(Extracted information)

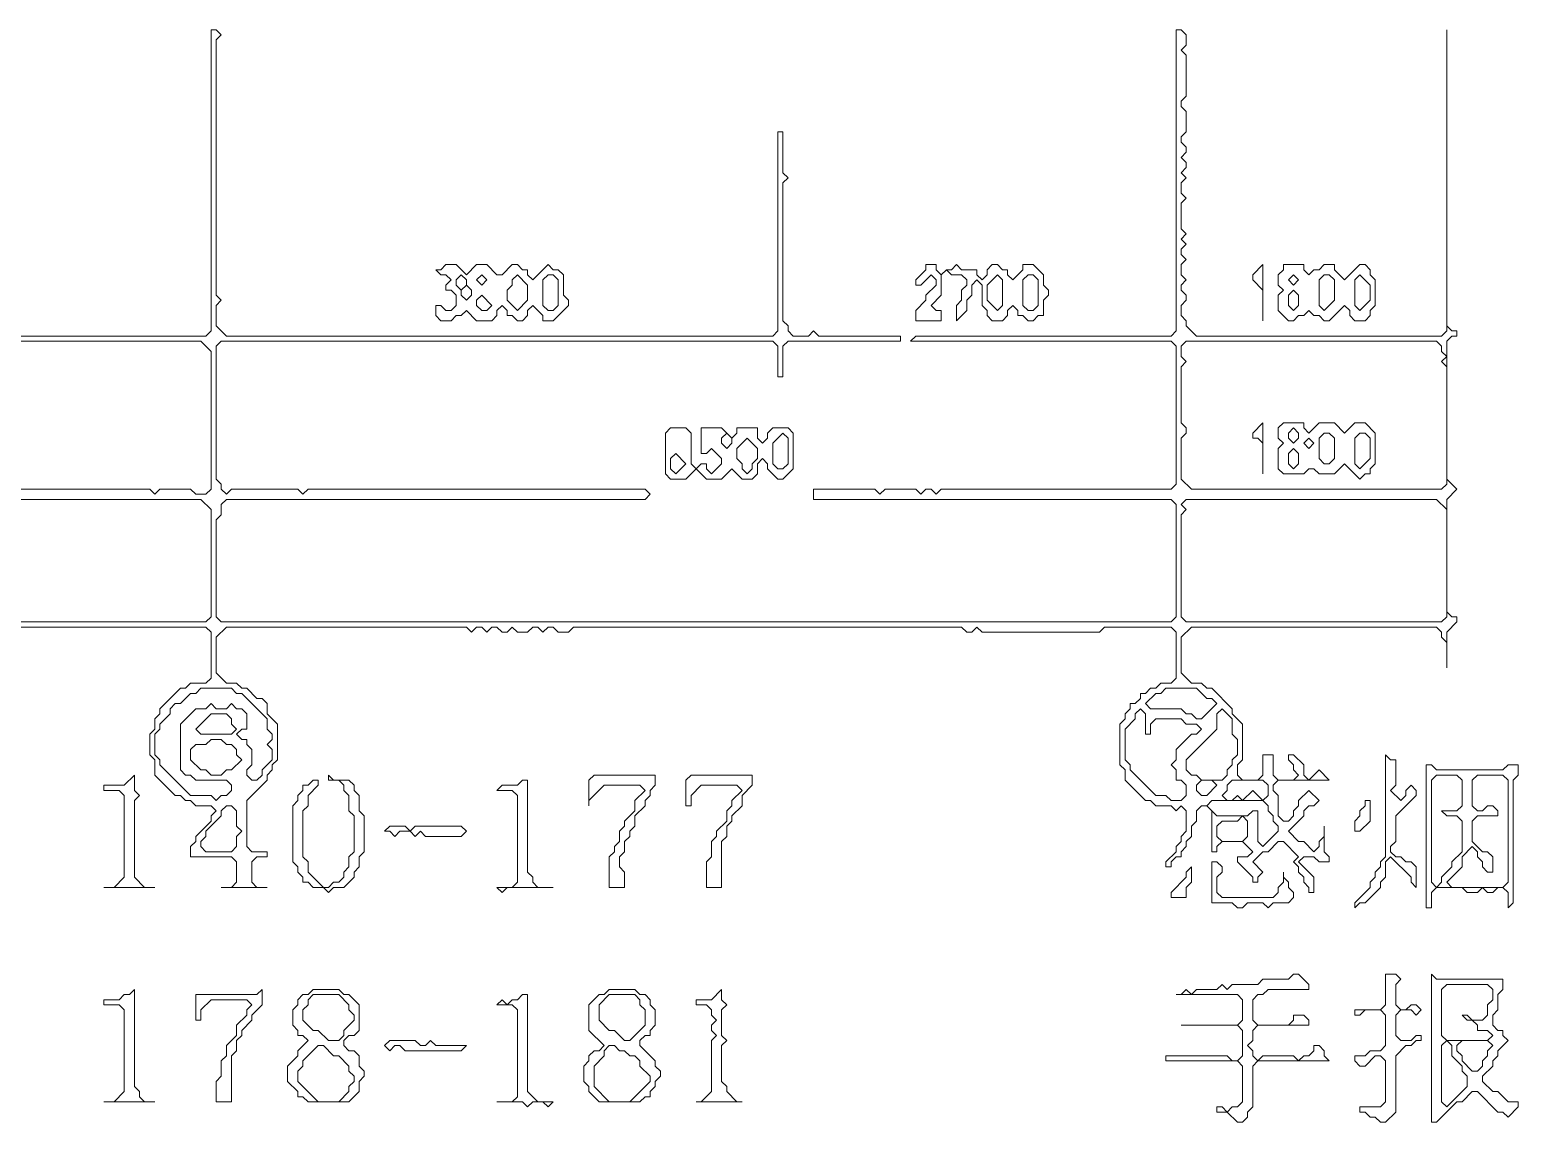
# Model space of a CAD drawing. Extents: x 4 to 2473, y 19 to 1752.
# Drawn here: x 1626.5 to 1918, y 249 to 463 of the extents above; entities that cross this region are included whole.
import ezdxf

# ---------------------------------------------------------------- set-up
doc = ezdxf.new("R2010")
doc.units = 0
doc.layers.add('TRACE_CURVE', color=3, linetype='Continuous', lineweight=0)
doc.layers.add('TRACE_TEXT_SYMBOL', color=6, linetype='Continuous', lineweight=0)

msp = doc.modelspace()

# ---------------------------------------------------------------- linework, layer by layer
at = {"layer": 'TRACE_CURVE', "color": 3}
for points in [[(1681, 373), (1680, 372), (1679, 373), (1666, 373), (1665, 372), (1664, 373), (1664, 374), (1663, 375), (1663, 401), (1664, 402), (1772, 402), (1773, 401), (1773, 395), (1774, 395), (1774, 401), (1775, 402), (1797, 402), (1797, 403), (1781, 403), (1780, 404), (1779, 403), (1776, 403), (1775, 404), (1775, 405), (1774, 406), (1774, 433), (1775, 434), (1774, 435), (1774, 443), (1773, 443), (1773, 404), (1772, 403), (1665, 403), (1663, 405), (1663, 409), (1664, 410), (1663, 411), (1663, 461), (1664, 462), (1663, 463), (1662, 463), (1662, 404), (1661, 403), (1553, 403)], [(1853, 418), (1852, 419), (1852, 420), (1853, 421), (1852, 422), (1853, 423), (1852, 424), (1852, 429), (1853, 430), (1852, 431), (1852, 433), (1853, 434), (1852, 435), (1853, 436), (1853, 437), (1852, 438), (1853, 439), (1853, 440), (1852, 441), (1852, 442), (1853, 443), (1853, 447), (1852, 448), (1852, 449), (1853, 450), (1853, 458), (1852, 459), (1853, 460), (1853, 462), (1852, 463), (1851, 463), (1851, 404), (1850, 403), (1800, 403), (1799, 402), (1850, 402), (1851, 401), (1851, 374), (1850, 373), (1805, 373), (1804, 372), (1803, 373), (1802, 373), (1801, 372), (1800, 373), (1794, 373), (1793, 372), (1792, 373), (1780, 373), (1780, 371), (1850, 371), (1851, 370), (1851, 348), (1850, 347), (1664, 347), (1663, 348), (1663, 367), (1664, 368), (1664, 370), (1665, 371), (1747, 371), (1748, 372), (1747, 373), (1681, 373)], [(1876, 317), (1876, 319), (1874, 321), (1873, 321), (1873, 320), (1874, 319), (1874, 318), (1875, 317), (1874, 316), (1871, 316), (1870, 317), (1870, 321), (1868, 321), (1868, 317), (1867, 316), (1864, 316), (1863, 317), (1863, 319), (1864, 320), (1864, 327), (1862, 329), (1862, 330), (1858, 334), (1857, 334), (1856, 335), (1854, 335), (1852, 337), (1852, 344), (1854, 346), (1902, 346), (1903, 345), (1903, 344), (1904, 343), (1904, 338), (1904, 345), (1906, 347), (1906, 348), (1905, 348), (1904, 349), (1904, 371), (1906, 373), (1904, 375), (1904, 402), (1905, 403), (1906, 403), (1906, 404), (1905, 404), (1904, 405), (1904, 463), (1904, 404), (1903, 403), (1855, 403), (1853, 405), (1853, 406), (1852, 407), (1852, 409), (1853, 410), (1853, 411), (1852, 412), (1852, 413), (1853, 414), (1852, 415), (1852, 417), (1853, 418)], [(1591, 402), (1660, 402), (1662, 400), (1662, 373), (1661, 372), (1659, 372), (1658, 373), (1652, 373), (1651, 372), (1650, 373), (1620, 373)], [(1475, 371), (1660, 371), (1662, 369), (1662, 348), (1661, 347), (1558, 347)], [(1578, 346), (1661, 346), (1662, 345), (1662, 336), (1661, 335), (1658, 335), (1657, 334), (1656, 334), (1652, 330), (1652, 329), (1651, 328)], [(1651, 328), (1651, 326), (1650, 325), (1650, 321), (1651, 320), (1651, 317), (1655, 313), (1656, 313), (1657, 312), (1658, 312), (1659, 311), (1662, 311), (1663, 310), (1662, 309), (1662, 308), (1659, 305), (1659, 304), (1658, 303), (1658, 301), (1666, 301), (1667, 300), (1667, 296), (1666, 295), (1664, 295), (1673, 295), (1671, 295), (1670, 296), (1670, 300), (1671, 301), (1673, 301), (1673, 302), (1670, 302), (1669, 303), (1669, 312), (1673, 316), (1673, 317), (1674, 318), (1674, 319), (1675, 320), (1675, 327), (1673, 329), (1673, 331), (1672, 332), (1671, 332), (1669, 334), (1668, 334), (1667, 335), (1665, 335), (1663, 337), (1663, 344), (1665, 346), (1712, 346), (1713, 345), (1714, 346), (1715, 346), (1716, 345), (1717, 346), (1718, 346), (1719, 345), (1720, 345), (1721, 346), (1722, 345), (1724, 345), (1725, 346)], [(1725, 346), (1726, 346), (1727, 345), (1728, 346), (1729, 346), (1730, 345), (1732, 345), (1733, 346), (1809, 346), (1810, 345), (1811, 345), (1812, 346), (1813, 345), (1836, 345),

(End Extracted information)

**What you need to do:** Repeat the data word for word, excluding any image.

**Answer space:**
# Model space of a CAD drawing. Extents: x 4 to 2473, y 19 to 1752.
# Drawn here: x 1626.5 to 1918, y 249 to 463 of the extents above; entities that cross this region are included whole.
import ezdxf

# ---------------------------------------------------------------- set-up
doc = ezdxf.new("R2010")
doc.units = 0
doc.layers.add('TRACE_CURVE', color=3, linetype='Continuous', lineweight=0)
doc.layers.add('TRACE_TEXT_SYMBOL', color=6, linetype='Continuous', lineweight=0)

msp = doc.modelspace()

# ---------------------------------------------------------------- linework, layer by layer
at = {"layer": 'TRACE_CURVE', "color": 3}
for points in [[(1681, 373), (1680, 372), (1679, 373), (1666, 373), (1665, 372), (1664, 373), (1664, 374), (1663, 375), (1663, 401), (1664, 402), (1772, 402), (1773, 401), (1773, 395), (1774, 395), (1774, 401), (1775, 402), (1797, 402), (1797, 403), (1781, 403), (1780, 404), (1779, 403), (1776, 403), (1775, 404), (1775, 405), (1774, 406), (1774, 433), (1775, 434), (1774, 435), (1774, 443), (1773, 443), (1773, 404), (1772, 403), (1665, 403), (1663, 405), (1663, 409), (1664, 410), (1663, 411), (1663, 461), (1664, 462), (1663, 463), (1662, 463), (1662, 404), (1661, 403), (1553, 403)], [(1853, 418), (1852, 419), (1852, 420), (1853, 421), (1852, 422), (1853, 423), (1852, 424), (1852, 429), (1853, 430), (1852, 431), (1852, 433), (1853, 434), (1852, 435), (1853, 436), (1853, 437), (1852, 438), (1853, 439), (1853, 440), (1852, 441), (1852, 442), (1853, 443), (1853, 447), (1852, 448), (1852, 449), (1853, 450), (1853, 458), (1852, 459), (1853, 460), (1853, 462), (1852, 463), (1851, 463), (1851, 404), (1850, 403), (1800, 403), (1799, 402), (1850, 402), (1851, 401), (1851, 374), (1850, 373), (1805, 373), (1804, 372), (1803, 373), (1802, 373), (1801, 372), (1800, 373), (1794, 373), (1793, 372), (1792, 373), (1780, 373), (1780, 371), (1850, 371), (1851, 370), (1851, 348), (1850, 347), (1664, 347), (1663, 348), (1663, 367), (1664, 368), (1664, 370), (1665, 371), (1747, 371), (1748, 372), (1747, 373), (1681, 373)], [(1876, 317), (1876, 319), (1874, 321), (1873, 321), (1873, 320), (1874, 319), (1874, 318), (1875, 317), (1874, 316), (1871, 316), (1870, 317), (1870, 321), (1868, 321), (1868, 317), (1867, 316), (1864, 316), (1863, 317), (1863, 319), (1864, 320), (1864, 327), (1862, 329), (1862, 330), (1858, 334), (1857, 334), (1856, 335), (1854, 335), (1852, 337), (1852, 344), (1854, 346), (1902, 346), (1903, 345), (1903, 344), (1904, 343), (1904, 338), (1904, 345), (1906, 347), (1906, 348), (1905, 348), (1904, 349), (1904, 371), (1906, 373), (1904, 375), (1904, 402), (1905, 403), (1906, 403), (1906, 404), (1905, 404), (1904, 405), (1904, 463), (1904, 404), (1903, 403), (1855, 403), (1853, 405), (1853, 406), (1852, 407), (1852, 409), (1853, 410), (1853, 411), (1852, 412), (1852, 413), (1853, 414), (1852, 415), (1852, 417), (1853, 418)], [(1591, 402), (1660, 402), (1662, 400), (1662, 373), (1661, 372), (1659, 372), (1658, 373), (1652, 373), (1651, 372), (1650, 373), (1620, 373)], [(1475, 371), (1660, 371), (1662, 369), (1662, 348), (1661, 347), (1558, 347)], [(1578, 346), (1661, 346), (1662, 345), (1662, 336), (1661, 335), (1658, 335), (1657, 334), (1656, 334), (1652, 330), (1652, 329), (1651, 328)], [(1651, 328), (1651, 326), (1650, 325), (1650, 321), (1651, 320), (1651, 317), (1655, 313), (1656, 313), (1657, 312), (1658, 312), (1659, 311), (1662, 311), (1663, 310), (1662, 309), (1662, 308), (1659, 305), (1659, 304), (1658, 303), (1658, 301), (1666, 301), (1667, 300), (1667, 296), (1666, 295), (1664, 295), (1673, 295), (1671, 295), (1670, 296), (1670, 300), (1671, 301), (1673, 301), (1673, 302), (1670, 302), (1669, 303), (1669, 312), (1673, 316), (1673, 317), (1674, 318), (1674, 319), (1675, 320), (1675, 327), (1673, 329), (1673, 331), (1672, 332), (1671, 332), (1669, 334), (1668, 334), (1667, 335), (1665, 335), (1663, 337), (1663, 344), (1665, 346), (1712, 346), (1713, 345), (1714, 346), (1715, 346), (1716, 345), (1717, 346), (1718, 346), (1719, 345), (1720, 345), (1721, 346), (1722, 345), (1724, 345), (1725, 346)], [(1725, 346), (1726, 346), (1727, 345), (1728, 346), (1729, 346), (1730, 345), (1732, 345), (1733, 346), (1809, 346), (1810, 345), (1811, 345), (1812, 346), (1813, 345), (1836, 345),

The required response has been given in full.